I'd assume it has a lot to do with the width and sidecuts, as well as length. Freeride runs the full gamut of conditions, which could mean icy refrozen push mounds from hell. In those conditions, short-fat style boards suck. Their width means they get pushed around by the uneven snow, and it's harder for you to leverage the board and keep it on your intended line. The tighter sidecut means when they do get bucked around and put you on edge, that's going to force you into a tighter turn, and when you didn't intend to make a turn at all, the tighter it is the more it's going to surprise you/throw you off. 

Surfari would be ridden longer than an Excavator, it's not as wide, and has a larger sidecut. It's going to ride through and over choppy conditions better than the Excavator, increased length helps a lot on steeper terrain, and the narrower width helps it cut through and around the chopped up snow where the widest point of the Excavator may have connected with the chunk of ice just to the side of your intended line, potentially bucking you.


----------



## RadDad801 (Dec 7, 2020)

Supposedly the Excavator plows through almost anything.
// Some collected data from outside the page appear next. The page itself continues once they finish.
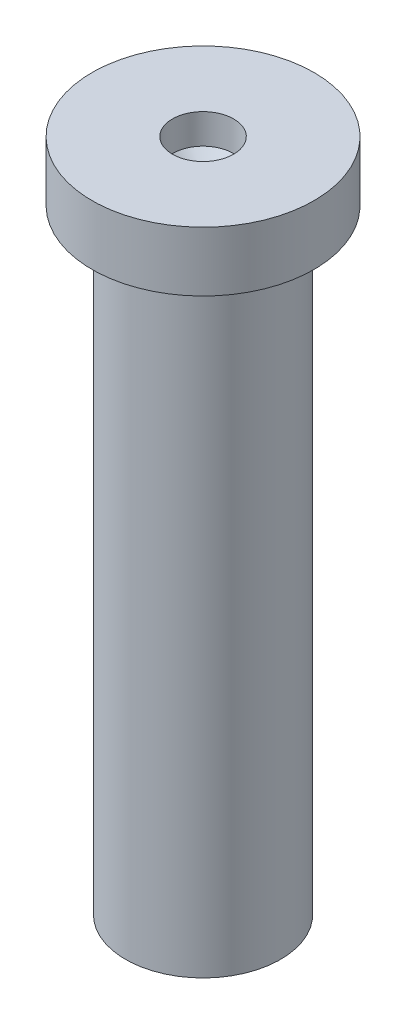
ISO-10303-21;
HEADER;
FILE_DESCRIPTION(('STEP AP214'),'2;1');
FILE_NAME('part.step','',(''),(''),'','','');
FILE_SCHEMA(('AUTOMOTIVE_DESIGN { 1 0 10303 214 1 1 1 1 }'));
ENDSEC;
DATA;
#1=APPLICATION_CONTEXT('core data for automotive mechanical design processes');
#2=APPLICATION_PROTOCOL_DEFINITION('international standard','automotive_design',2000,#1);
#3=PRODUCT_CONTEXT('',#1,'mechanical');
#4=PRODUCT('Part','Part','',(#3));
#5=PRODUCT_RELATED_PRODUCT_CATEGORY('part','',(#4));
#6=PRODUCT_DEFINITION_FORMATION('','',#4);
#7=PRODUCT_DEFINITION_CONTEXT('part definition',#1,'design');
#8=PRODUCT_DEFINITION('design','',#6,#7);
#9=PRODUCT_DEFINITION_SHAPE('','',#8);
#10=(LENGTH_UNIT() NAMED_UNIT(*) SI_UNIT(.MILLI.,.METRE.));
#11=(NAMED_UNIT(*) PLANE_ANGLE_UNIT() SI_UNIT($,.RADIAN.));
#12=(NAMED_UNIT(*) SI_UNIT($,.STERADIAN.) SOLID_ANGLE_UNIT());
#13=UNCERTAINTY_MEASURE_WITH_UNIT(LENGTH_MEASURE(1.E-05),#10,'distance_accuracy_value','');
#14=(GEOMETRIC_REPRESENTATION_CONTEXT(3) GLOBAL_UNCERTAINTY_ASSIGNED_CONTEXT((#13)) GLOBAL_UNIT_ASSIGNED_CONTEXT((#10,
#11,#12)) REPRESENTATION_CONTEXT('',''));
#15=CARTESIAN_POINT('',(0.,0.,0.));
#16=DIRECTION('',(0.,0.,1.));
#17=DIRECTION('',(1.,0.,0.));
#18=AXIS2_PLACEMENT_3D('',#15,#16,#17);
#19=CARTESIAN_POINT('',(-0.930723952188512,-5.32863945841748,0.));
#20=DIRECTION('',(0.,-1.,0.));
#21=DIRECTION('',(0.,0.,-1.));
#22=AXIS2_PLACEMENT_3D('',#19,#20,#21);
#23=PLANE('',#22);
#24=CARTESIAN_POINT('',(-0.930723952188512,-5.32863945841748,0.));
#25=DIRECTION('',(0.,-1.,0.));
#26=DIRECTION('',(0.,0.,-1.));
#27=AXIS2_PLACEMENT_3D('',#24,#25,#26);
#28=CIRCLE('',#27,1.3);
#29=CARTESIAN_POINT('',(-0.930723952188512,-5.32863945841748,-1.3));
#30=VERTEX_POINT('',#29);
#31=EDGE_CURVE('E11',#30,#30,#28,.T.);
#32=ORIENTED_EDGE('',*,*,#31,.T.);
#33=EDGE_LOOP('',(#32));
#34=FACE_BOUND('',#33,.T.);
#35=ADVANCED_FACE('F41',(#34),#23,.T.);
#36=CARTESIAN_POINT('',(-0.930723952188512,-5.32863945841748,0.));
#37=DIRECTION('',(0.,-1.,0.));
#38=DIRECTION('',(0.,0.,-1.));
#39=AXIS2_PLACEMENT_3D('',#36,#37,#38);
#40=CYLINDRICAL_SURFACE('',#39,1.3);
#41=CARTESIAN_POINT('',(-0.930723952188512,4.97136054158252,0.));
#42=DIRECTION('',(0.,-1.,0.));
#43=DIRECTION('',(0.,0.,-1.));
#44=AXIS2_PLACEMENT_3D('',#41,#42,#43);
#45=CIRCLE('',#44,1.3);
#46=CARTESIAN_POINT('',(-0.930723952188512,4.97136054158252,-1.3));
#47=VERTEX_POINT('',#46);
#48=EDGE_CURVE('E48',#47,#47,#45,.T.);
#49=ORIENTED_EDGE('',*,*,#48,.T.);
#50=EDGE_LOOP('',(#49));
#51=FACE_BOUND('',#50,.T.);
#52=ORIENTED_EDGE('',*,*,#31,.F.);
#53=EDGE_LOOP('',(#52));
#54=FACE_BOUND('',#53,.T.);
#55=ADVANCED_FACE('F78',(#51,#54),#40,.T.);
#56=CARTESIAN_POINT('',(0.369276047811488,4.97136054158252,0.));
#57=DIRECTION('',(0.,-1.,0.));
#58=DIRECTION('',(0.,0.,-1.));
#59=AXIS2_PLACEMENT_3D('',#56,#57,#58);
#60=PLANE('',#59);
#61=CARTESIAN_POINT('',(-0.930723952188512,4.97136054158252,0.));
#62=DIRECTION('',(0.,-1.,0.));
#63=DIRECTION('',(0.,0.,-1.));
#64=AXIS2_PLACEMENT_3D('',#61,#62,#63);
#65=CIRCLE('',#64,1.86144790437702);
#66=CARTESIAN_POINT('',(-0.930723952188512,4.97136054158252,-1.86144790437702));
#67=VERTEX_POINT('',#66);
#68=EDGE_CURVE('E71',#67,#67,#65,.T.);
#69=ORIENTED_EDGE('',*,*,#68,.T.);
#70=EDGE_LOOP('',(#69));
#71=FACE_BOUND('',#70,.T.);
#72=ORIENTED_EDGE('',*,*,#48,.F.);
#73=EDGE_LOOP('',(#72));
#74=FACE_BOUND('',#73,.T.);
#75=ADVANCED_FACE('F81',(#71,#74),#60,.T.);
#76=CARTESIAN_POINT('',(-0.930723952188512,-5.32863945841748,0.));
#77=DIRECTION('',(0.,-1.,0.));
#78=DIRECTION('',(0.,0.,-1.));
#79=AXIS2_PLACEMENT_3D('',#76,#77,#78);
#80=CYLINDRICAL_SURFACE('',#79,1.86144790437702);
#81=CARTESIAN_POINT('',(-0.930723952188512,5.97136054158252,0.));
#82=DIRECTION('',(0.,-1.,0.));
#83=DIRECTION('',(0.,0.,-1.));
#84=AXIS2_PLACEMENT_3D('',#81,#82,#83);
#85=CIRCLE('',#84,1.86144790437702);
#86=CARTESIAN_POINT('',(-0.930723952188512,5.97136054158252,-1.86144790437702));
#87=VERTEX_POINT('',#86);
#88=EDGE_CURVE('E65',#87,#87,#85,.T.);
#89=ORIENTED_EDGE('',*,*,#88,.T.);
#90=EDGE_LOOP('',(#89));
#91=FACE_BOUND('',#90,.T.);
#92=ORIENTED_EDGE('',*,*,#68,.F.);
#93=EDGE_LOOP('',(#92));
#94=FACE_BOUND('',#93,.T.);
#95=ADVANCED_FACE('F83',(#91,#94),#80,.T.);
#96=CARTESIAN_POINT('',(0.930723952188512,5.97136054158252,0.));
#97=DIRECTION('',(0.,1.,0.));
#98=DIRECTION('',(0.,0.,1.));
#99=AXIS2_PLACEMENT_3D('',#96,#97,#98);
#100=PLANE('',#99);
#101=CARTESIAN_POINT('',(-0.930723952188512,5.97136054158252,0.));
#102=DIRECTION('',(0.,-1.,0.));
#103=DIRECTION('',(0.,0.,-1.));
#104=AXIS2_PLACEMENT_3D('',#101,#102,#103);
#105=CIRCLE('',#104,0.51316806995542);
#106=CARTESIAN_POINT('',(-0.930723952188512,5.97136054158252,-0.51316806995542));
#107=VERTEX_POINT('',#106);
#108=EDGE_CURVE('E61',#107,#107,#105,.T.);
#109=ORIENTED_EDGE('',*,*,#108,.T.);
#110=EDGE_LOOP('',(#109));
#111=FACE_BOUND('',#110,.T.);
#112=ORIENTED_EDGE('',*,*,#88,.F.);
#113=EDGE_LOOP('',(#112));
#114=FACE_BOUND('',#113,.T.);
#115=ADVANCED_FACE('F90',(#111,#114),#100,.T.);
#116=CARTESIAN_POINT('',(-0.930723952188512,-5.32863945841748,0.));
#117=DIRECTION('',(0.,-1.,0.));
#118=DIRECTION('',(0.,0.,-1.));
#119=AXIS2_PLACEMENT_3D('',#116,#117,#118);
#120=CYLINDRICAL_SURFACE('',#119,0.51316806995542);
#121=CARTESIAN_POINT('',(-0.930723952188512,5.4688453154123,0.));
#122=DIRECTION('',(0.,-1.,0.));
#123=DIRECTION('',(0.,0.,-1.));
#124=AXIS2_PLACEMENT_3D('',#121,#122,#123);
#125=CIRCLE('',#124,0.51316806995542);
#126=CARTESIAN_POINT('',(-0.930723952188512,5.4688453154123,-0.51316806995542));
#127=VERTEX_POINT('',#126);
#128=EDGE_CURVE('E58',#127,#127,#125,.T.);
#129=ORIENTED_EDGE('',*,*,#128,.T.);
#130=EDGE_LOOP('',(#129));
#131=FACE_BOUND('',#130,.T.);
#132=ORIENTED_EDGE('',*,*,#108,.F.);
#133=EDGE_LOOP('',(#132));
#134=FACE_BOUND('',#133,.T.);
#135=ADVANCED_FACE('F54',(#131,#134),#120,.F.);
#136=CARTESIAN_POINT('',(-0.930723952188512,5.4688453154123,0.));
#137=DIRECTION('',(0.,1.,0.));
#138=DIRECTION('',(0.,0.,1.));
#139=AXIS2_PLACEMENT_3D('',#136,#137,#138);
#140=CONICAL_SURFACE('',#139,0.51316806995542,0.851539186324674);
#141=CARTESIAN_POINT('',(-0.930723952188512,5.01943609322592,0.));
#142=VERTEX_POINT('',#141);
#143=VERTEX_LOOP('',#142);
#144=FACE_BOUND('',#143,.T.);
#145=ORIENTED_EDGE('',*,*,#128,.F.);
#146=EDGE_LOOP('',(#145));
#147=FACE_BOUND('',#146,.T.);
#148=ADVANCED_FACE('F51',(#144,#147),#140,.F.);
#149=CLOSED_SHELL('',(#35,#55,#75,#95,#115,#135,#148));
#150=MANIFOLD_SOLID_BREP('B2',#149);
#151=ADVANCED_BREP_SHAPE_REPRESENTATION('',(#18,#150),#14);
#152=SHAPE_DEFINITION_REPRESENTATION(#9,#151);
ENDSEC;
END-ISO-10303-21;

IIRC it's also not a ton wider than the Surfari, I'd have to look at the specs again.


----------



## wolf33d (Dec 31, 2018)

For me the Excavator is a mix between a freeride board and a powder board.
It keeps the more camber / little rocker of freeride board, and their stiffness and dampeness but with the tapper and setback on board (not on sidecut) of powder boards.
That’s exactly what I was looking for. Most pow board suck on piste or in tracked snow, and most freeride board are not effortless in powder (from a float and manoeuverability perspective) thus why I wanted a combination.

I confirmed in my review on the piste / tracked snow / carving it does the job exceptionally well even better than some freeride decks I have had.

I have yet to have been able to test it in deep pow with proper setback so I have yet to answer how well does it compare to a proper pow board there.
Needless to say if it checks that box (of being 95% as good as a proper pow board in deep pow) then it would be the perfect board for me and anyone looking for the same thing.
Stay tuned.


----------



## drblast (Feb 28, 2017)

wolf33d said:


> I am not sure but I would mention Mind Expander, Storm Chaser, a Capita Spring Break maybe the Tree Hunter, a Korua maybe the Dart, Yes 420, Weston Japow, Rossi Sushi…
> I am missing some for sure. But making a top 5 powder board by excluding all of those and including some all mountains and freeride board in it instead, You got to be kidding me lol.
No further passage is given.